Vatican says media in ‘ignoble attempt’ to smear pope

The editorial in a Vatican newspaper came on a day abuse victims protested near St Peter’s Square to demand the pope open files on paedophile clerics and defrock “predator priests”, and a cardinal spoke of a “conspiracy” against the church.

“The prevalent tendency in the media is to ignore the facts and stretch interpretations with the aim of spreading the picture of the Catholic Church as the only one responsible for sexual abuse, something which does not correspond to reality,” the Vatican newspaper said.

There was “clearly an ignoble attempt to strike at Pope Benedict and his closest aides at any cost,” it said.

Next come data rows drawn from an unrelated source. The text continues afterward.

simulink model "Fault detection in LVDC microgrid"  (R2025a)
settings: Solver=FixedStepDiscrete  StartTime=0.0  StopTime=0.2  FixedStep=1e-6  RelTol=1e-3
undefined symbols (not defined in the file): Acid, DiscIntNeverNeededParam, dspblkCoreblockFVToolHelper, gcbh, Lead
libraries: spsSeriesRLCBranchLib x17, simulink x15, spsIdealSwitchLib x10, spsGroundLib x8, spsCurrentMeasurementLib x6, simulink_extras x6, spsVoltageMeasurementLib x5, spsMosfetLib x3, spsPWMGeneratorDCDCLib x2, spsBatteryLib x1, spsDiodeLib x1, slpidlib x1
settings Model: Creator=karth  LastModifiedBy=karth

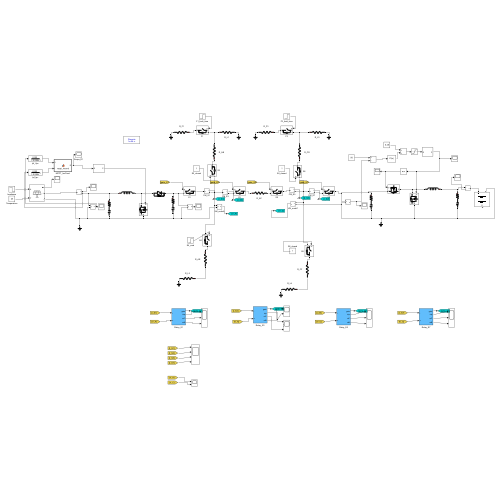
[thumbnail: Simulink's stored preview of the top-level diagram]
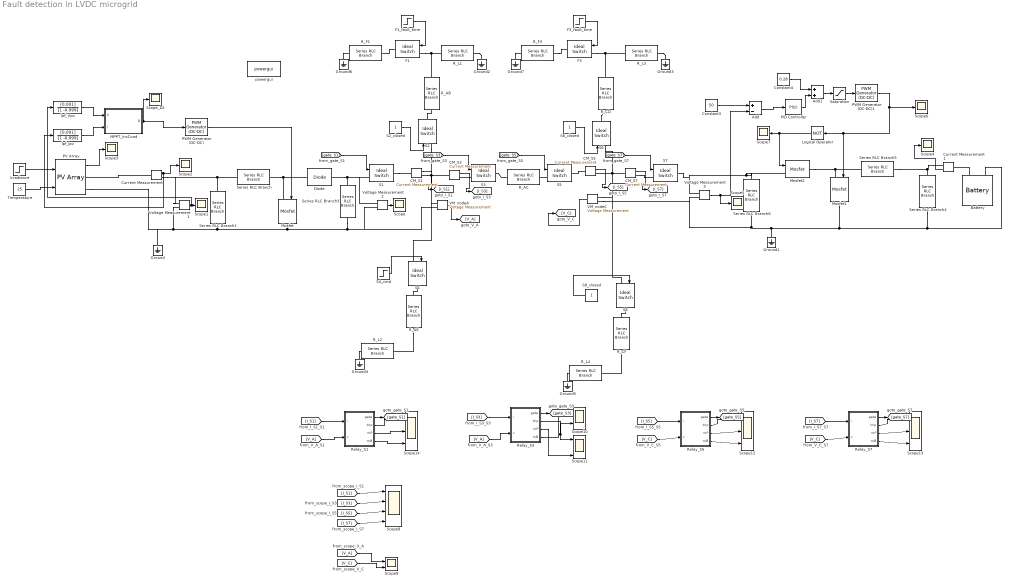
== system Fault detection in LVDC microgrid ==
  Add : Sum  Inputs=+-
  Add1 : Sum
  Battery : spsBatteryLib/Battery  BatType=Lead-Acid  NomV=36  NomQ=120  SOC=80  Batt_Tr=30  PresetModel=on  MaxQ=125  MinV=27  FullV=39.1974  Dis_rate=24  R=0.003  Normal_OP=37.2333  expZone="[36.6513          0.4]"
  CM_S{1,3,5,7} (4 alike) : spsCurrentMeasurementLib/Current Measurement  PhasorSimulation=off  OutputType=Complex  PSBequivalent=0
  Constant3 : Constant  Value=50
  Constant4 : Constant  Value=0.28
  Current Measurement : spsCurrentMeasurementLib/Current Measurement  PhasorSimulation=off  OutputType=Complex  PSBequivalent=0
  Current Measurement1 : spsCurrentMeasurementLib/Current Measurement  PhasorSimulation=off  OutputType=Complex  PSBequivalent=0
  Diode : spsDiodeLib/Diode  Ron=0.01  Lon=0  Vf=0.8  IC=0  UseSnubber=0  Rs=1e5  Cs=inf  Measurements=off
  F1 : spsIdealSwitchLib/Ideal Switch  Ron=1e-3  Lon=0  IC=0  Rs=1e6  Cs=inf  Measurements=off
  F1_fault_time : Step  Time=1000  SampleTime=1e-6
  F3 : spsIdealSwitchLib/Ideal Switch  Ron=1e-3  Lon=0  IC=0  Rs=1e6  Cs=inf  Measurements=off
  F3_fault_time : Step  Time=1000  SampleTime=1e-6
  Ground{,1..7} (8 alike) : spsGroundLib/Ground  LConnTagsString=a
  Irradiance : Step  Time=0.15  Before=700  After=50  SampleTime=1e-6
  Logical Operator : Logic  Operator=NOT  AllPortsSameDT=off  OutDataTypeStr=boolean
  MPPT_IncCond : MATLAB Function  TreatAsAtomicUnit=on
  Mosfet : spsMosfetLib/Mosfet  Ron=0.01  Lon=0  Rd=0.01  Vfd=0  IC=0  Rs=1e5  Cs=inf  Measurements=off
  Mosfet1 : spsMosfetLib/Mosfet  Ron=0.01  Lon=0  Rd=0.01  Vfd=0  IC=0  Rs=1e5  Cs=inf  Measurements=off
  Mosfet2 : spsMosfetLib/Mosfet  Ron=0.01  Lon=0  Rd=0.01  Vfd=0  IC=0  Rs=1e5  Cs=inf  Measurements=off
  PID Controller : slpidlib/PID Controller  Controller=PI  Form=Parallel  TimeDomain=Discrete-time  UseExternalTs=off  SampleTime=1e-4  IntegratorMethod=Forward Euler  FilterMethod=Forward Euler  ControllerParametersSource=internal  P=0  I=0.1  UseKiTs=off  D=0  UseExternalDerivativeSource=off  N=100  UseFilter=on  TunerSelectOption=Transfer Function Based (PID Tuner App)  InitialConditionSource=internal  InitialConditionForIntegrator=0  InitialConditionForFilter=0  DifferentiatorICPrevScaledInput=0  ExternalReset=none  TrackingMode=off  Kt=1  LimitOutput=off  SatLimitsSource=internal  UpperSaturationLimit=inf  LowerSaturationLimit=-inf  LinearizeAsGain=on  AntiWindupMode=none  Kb=1  LimitIntegrator=off  UpperIntegratorSaturationLimit=inf  LowerIntegratorSaturationLimit=-inf  POutMin=[]  POutMax=[]  IOutMin=[]  IOutMax=[]  DOutMin=[]  DOutMax=[]  NOutMin=[]  NOutMax=[]  SumOutMin=[]  SumOutMax=[]  SaturationOutMin=[]  SaturationOutMax=[]  PParamMin=[]  PParamMax=[]  IParamMin=[]  IParamMax=[]  DParamMin=[]  DParamMax=[]  NParamMin=[]  NParamMax=[]  KbParamMin=[]  KbParamMax=[]  KtParamMin=[]  KtParamMax=[]  KbOutMin=[]  KbOutMax=[]  KtOutMin=[]  KtOutMax=[]  IntegratorOutMin=[]  IntegratorOutMax=[]  FilterOutMin=[]  FilterOutMax=[]  SumI1OutMin=[]  SumI1OutMax=[]  SumI2OutMin=[]  SumI2OutMax=[]  SumI3OutMin=[]  SumI3OutMax=[]  SumI4OutMin=[]  SumI4OutMax=[]  SumDOutMin=[]  SumDOutMax=[]  DifferentiatorOutMin=[]  DifferentiatorOutMax=[]  FilterDiffOutCoefMin=[]  FilterDiffOutCoefMax=[]  ReciprocalOutMin=[]  ReciprocalOutMax=[]  SumDenOutMin=[]  SumDenOutMax=[]  SumNumOutMin=[]  SumNumOutMax=[]  DivideOutMin=[]  DivideOutMax=[]  UdiffTsProdOutMin=[]  UdiffTsProdOutMax=[]  NTsProdOutMin=[]  NTsProdOutMax=[]  UintegralTsProdOutMin=[]  UintegralTsProdOutMax=[]  UngainTsProdOutMin=[]  UngainTsProdOutMax=[]  ClampingZeroOutDataTypeStr=Inherit: Inherit via back propagation  ClampingZeroOutMin=[]  ClampingZeroOutMax=[]  FilterDenConstantOutDataTypeStr=Inherit: Inherit via back propagation  FilterDenConstantOutMin=[]  FilterDenConstantOutMax=[]  PCopyOutDataTypeStr=Inherit: Inherit via back propagation  PCopyOutMin=[]  PCopyOutMax=[]  NCopyOutDataTypeStr=Inherit: Inherit via back propagation  NCopyOutMin=[]  NCopyOutMax=[]  IntegratorContinuousStateAttributes=''  IntegratorStateMustResolveToSignalObject=off  IntegratorRTWStateStorageClass=Auto  FilterContinuousStateAttributes=''  FilterStateMustResolveToSignalObject=off  FilterRTWStateStorageClass=Auto  ParallelPVariant=InternalParameters  IdealPVariant=Disabled  IVariant=InternalParameters  DVariant=Disabled  IntegratorVariant=Discrete  SatVariant=Disabled  AWVariant=Passthrough  PCopyVariant=Disabled  TRVariant=Disabled  FdbkBlocksVariant=Forward  IdealPFdbkVariant=Disabled  SatFdbkVariant=Disabled  DerivativeFilterVariant=Disabled  NVariant=Disabled  NCopyVariant=Disabled_SignalSpec  FilterICVariant=Disabled  IntegratorICVariant=InternalICs  ExternalResetVariant=Disabled  TRSumVariant=Passthrough  SumFdbkVariant=Disabled  SumVariant=Sum_PI  TsampFilterVariant=InternalTs  TsampNgainVariant=Passthrough  TsampIntegralVariant=Disabled_SignalSpec  ExternalSaturationOutDataTypeStr=Inherit: Same as second input  DerivativeSourceVariant=Disabled  PreIntVariant=InternalPreInt
  PV Array : spsPVArrayLib/PV Array  Npar=1  Nser=1  PlotType=array @ 1000 W/m2 & specified temperatures  S_vec="[ 1000  500  100 ]"  Temp_C_vec="[ 45 25  ]"  ModuleName=User-defined  PlotWhenSelected=off  Pm=300  Ncell=60  Voc=37  Isc=10.5  Vm=30  Im=10  beta_Voc_pc=-0.36099  alpha_Isc_pc=0.102  beta_Voc=-0.13357  alpha_Isc=0.01071  IL=10.6016  I0=3.9458e-10  nI=0.99988  Rsh=377.7002  Rs=0.24698  RobustModel=off  RobustCellTemperature=313.3991  BAL=on  Tc=1e-6  Tfilter=5e-5
  PWM Generator (DC-DC) : spsPWMGeneratorDCDCLib/PWM Generator (DC-DC)  Fsw=20e3  Ts=1e-6
  PWM Generator (DC-DC)1 : spsPWMGeneratorDCDCLib/PWM Generator (DC-DC)  Fsw=20e3  Ts=1e-6
  R_AB : spsSeriesRLCBranchLib/Series RLC Branch  LConnTagsString=__new0  RConnTagsString=__new0  BranchType=R  Resistance=0.5  Inductance=1e-3  SetiL0=off  InitialCurrent=0  Capacitance=1e-6  Setx0=off  InitialVoltage=0  Measurements=None
  R_AC : spsSeriesRLCBranchLib/Series RLC Branch  LConnTagsString=__new0  RConnTagsString=__new0  BranchType=R  Resistance=0.5  Inductance=1e-3  SetiL0=off  InitialCurrent=0  Capacitance=1e-6  Setx0=off  InitialVoltage=0  Measurements=None
  R_AE : spsSeriesRLCBranchLib/Series RLC Branch  LConnTagsString=__new0  RConnTagsString=__new0  BranchType=R  Resistance=0.5  Inductance=1e-3  SetiL0=off  InitialCurrent=0  Capacitance=1e-6  Setx0=off  InitialVoltage=0  Measurements=None
  R_CD : spsSeriesRLCBranchLib/Series RLC Branch  LConnTagsString=__new0  RConnTagsString=__new0  BranchType=R  Resistance=0.5  Inductance=1e-3  SetiL0=off  InitialCurrent=0  Capacitance=1e-6  Setx0=off  InitialVoltage=0  Measurements=None
  R_CF : spsSeriesRLCBranchLib/Series RLC Branch  LConnTagsString=__new0  RConnTagsString=__new0  BranchType=R  Resistance=0.5  Inductance=1e-3  SetiL0=off  InitialCurrent=0  Capacitance=1e-6  Setx0=off  InitialVoltage=0  Measurements=None
  R_F1 : spsSeriesRLCBranchLib/Series RLC Branch  LConnTagsString=__new0  RConnTagsString=__new0  BranchType=R  Resistance=0.05  Inductance=1e-3  SetiL0=off  InitialCurrent=0  Capacitance=1e-6  Setx0=off  InitialVoltage=0  Measurements=None
  R_F3 : spsSeriesRLCBranchLib/Series RLC Branch  LConnTagsString=__new0  RConnTagsString=__new0  BranchType=R  Resistance=9.375  Inductance=1e-3  SetiL0=off  InitialCurrent=0  Capacitance=1e-6  Setx0=off  InitialVoltage=0  Measurements=None
  R_L{1..4} (4 alike) : spsSeriesRLCBranchLib/Series RLC Branch  LConnTagsString=__new0  RConnTagsString=__new0  BranchType=R  Resistance=50  Inductance=1e-3  SetiL0=off  InitialCurrent=0  Capacitance=1e-6  Setx0=off  InitialVoltage=0  Measurements=None
  Relay_S1 : Subsystem
  Relay_S3 : Subsystem
  Relay_S5 : Subsystem
  Relay_S7 : Subsystem
  S{1..8} (8 alike) : spsIdealSwitchLib/Ideal Switch  Ron=1e-3  Lon=0  IC=1  Rs=1e6  Cs=inf  Measurements=off
  S2_closed : Constant
  S4_cmd : Step  Time=1000  Before=1  SampleTime=1e-6
  S6_closed : Constant
  S8_closed : Constant
  Saturation : Saturate  UpperLimit=0.9  LowerLimit=0.05
  Scope{,1..7} (8 alike) : Scope
      Scope settings: ActiveDisplayYMinimum=46.814828818996375  ActiveDisplayYMaximum=55.3600246618051
      Scope1 settings: ActiveDisplayYMinimum=-103.67485509484459  ActiveDisplayYMaximum=435.433052683987
      Scope2 settings: ActiveDisplayYMinimum=4.4904226951960711  ActiveDisplayYMaximum=6.5640593859666954  DataLoggingVariableName=ScopeData2
      Scope3 settings: ActiveDisplayYMinimum=-103.67485509484459  ActiveDisplayYMaximum=435.433052683987  DataLoggingVariableName=ScopeData3
      Scope4 settings: ActiveDisplayYMinimum=-22.021538356838146  ActiveDisplayYMaximum=22.374841263668664  DataLoggingVariableName=ScopeData4
      Scope5 settings: ActiveDisplayYMinimum=34.063095110352663  ActiveDisplayYMaximum=89.684474056000283  DataLoggingVariableName=ScopeData5
      Scope6 settings: ActiveDisplayYMinimum=-3.7217195132358944  ActiveDisplayYMaximum=3.7132157718036125  DataLoggingVariableName=ScopeData6
      Scope7 settings: ActiveDisplayYMinimum=-0.31901661707500129  ActiveDisplayYMaximum=2.6002148529286919  DataLoggingVariableName=ScopeData7
  Scope10 : Scope  NumInputPorts=2
      settings: ActiveDisplayYMinimum=-5.0231938290397373  ActiveDisplayYMaximum=17.791992118445108  DataLoggingVariableName=ScopeData10
  Scope{11..14} (4 alike) : Scope  NumInputPorts=3
      Scope11 settings: ActiveDisplayYMinimum=-0.11029041288283192  ActiveDisplayYMaximum=1.0330501065949627  DataLoggingVariableName=ScopeData11
      Scope12 settings: ActiveDisplayYMinimum=-4.7472407047549252  ActiveDisplayYMaximum=8.8934108173964663  DataLoggingVariableName=ScopeData12
      Scope13 settings: ActiveDisplayYMinimum=-0.40971684709480044  ActiveDisplayYMaximum=0.45571135545856856  DataLoggingVariableName=ScopeData13
      Scope14 settings: ActiveDisplayYMinimum=0.0622817094865773  ActiveDisplayYMaximum=1.7514935531625646  DataLoggingVariableName=ScopeData13
  Scope8 : Scope  NumInputPorts=4
      settings: ActiveDisplayYMinimum=-17.983817604182249  ActiveDisplayYMaximum=137.21502473039885  DataLoggingVariableName=ScopeData8
  Scope9 : Scope  NumInputPorts=2
      settings: ActiveDisplayYMinimum=46.814828818996375  ActiveDisplayYMaximum=55.3600246618051  DataLoggingVariableName=ScopeData9
  Scope_D1 : Scope
      settings: ActiveDisplayYMinimum=0.39674693053993637  ActiveDisplayYMaximum=0.40749557339594983
  Series RLC Branch : spsSeriesRLCBranchLib/Series RLC Branch  LConnTagsString=__new0  RConnTagsString=__new0  BranchType=L  Resistance=1  Inductance=0.5e-3  SetiL0=off  InitialCurrent=0  Capacitance=1e-6  Setx0=off  InitialVoltage=0  Measurements=None
  Series RLC Branch1 : spsSeriesRLCBranchLib/Series RLC Branch  LConnTagsString=__new0  RConnTagsString=__new0  BranchType=RC  Resistance=0.1  Inductance=1e-3  SetiL0=off  InitialCurrent=0  Capacitance=470e-6  Setx0=on  InitialVoltage=30  Measurements=None
  Series RLC Branch3 : spsSeriesRLCBranchLib/Series RLC Branch  LConnTagsString=__new0  RConnTagsString=__new0  BranchType=RC  Resistance=0.2  Inductance=1e-3  SetiL0=off  InitialCurrent=0  Capacitance=470e-6  Setx0=on  InitialVoltage=50  Measurements=None
  Series RLC Branch4 : spsSeriesRLCBranchLib/Series RLC Branch  LConnTagsString=__new0  RConnTagsString=__new0  BranchType=RC  Resistance=0.05  Inductance=1e-3  SetiL0=off  InitialCurrent=0  Capacitance=470e-6  Setx0=on  InitialVoltage=36  Measurements=None
  Series RLC Branch5 : spsSeriesRLCBranchLib/Series RLC Branch  LConnTagsString=__new0  RConnTagsString=__new0  BranchType=L  Resistance=1  Inductance=1e-3  SetiL0=off  InitialCurrent=0  Capacitance=1e-6  Setx0=off  InitialVoltage=0  Measurements=None
  Series RLC Branch6 : spsSeriesRLCBranchLib/Series RLC Branch  LConnTagsString=__new0  RConnTagsString=__new0  BranchType=RC  Resistance=0.2  Inductance=1e-3  SetiL0=off  InitialCurrent=0  Capacitance=470e-6  Setx0=on  InitialVoltage=50  Measurements=None
  Temperature : Constant  Value=25
  VM_nodeA : spsVoltageMeasurementLib/Voltage Measurement  PhasorSimulation=off  OutputType=Complex  PSBequivalent=0
  VM_nodeC : spsVoltageMeasurementLib/Voltage Measurement  PhasorSimulation=off  OutputType=Complex  PSBequivalent=0
  Voltage Measurement1 : spsVoltageMeasurementLib/Voltage Measurement  PhasorSimulation=off  OutputType=Complex  PSBequivalent=0
  Voltage Measurement2 : spsVoltageMeasurementLib/Voltage Measurement  PhasorSimulation=off  OutputType=Complex  PSBequivalent=0
  Voltage Measurement3 : spsVoltageMeasurementLib/Voltage Measurement  PhasorSimulation=off  OutputType=Complex  PSBequivalent=0
  lpf_Ipv : DiscreteFilter  Numerator=[0.001]  Denominator=[1 -0.999]  SampleTime=1e-6
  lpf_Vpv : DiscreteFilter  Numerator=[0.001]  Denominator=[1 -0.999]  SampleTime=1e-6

The editorial challenged a New York Times report about the case of Rev Lawrence Murphy, accused of sexually abusing up to 200 deaf boys in the United States from the 1950s to the 1970s. Among 25 internal church documents the Times posted on its website was a 1996 letter about Murphy to Cardinal Joseph Ratzinger, then the Vatican’s top doctrinal official and now Pope Benedict, showing he had been informed of the case.

Ratzinger’s deputy first advised a secret disciplinary trial but reversed that in 1998 after Murphy appealed directly to Ratzinger for clemency. The priest died later that year.

The Vatican newspaper said: “There was no cover-up in the case of Father Murphy”. The Vatican said earlier he was not disciplined because church laws do not require automatic punishment.

The report came amid mounting allegations of sexual abuse by priests in Europe and pressure on bishops, mostly in Ireland, to resign for failing to report cases to civil authorities.

Yesterday morning, four leaders of the US-based Survivor Network of those Abused by Priests (SNAP), all of whom were sexually abused by priests, held a protest and news conference outside the Vatican.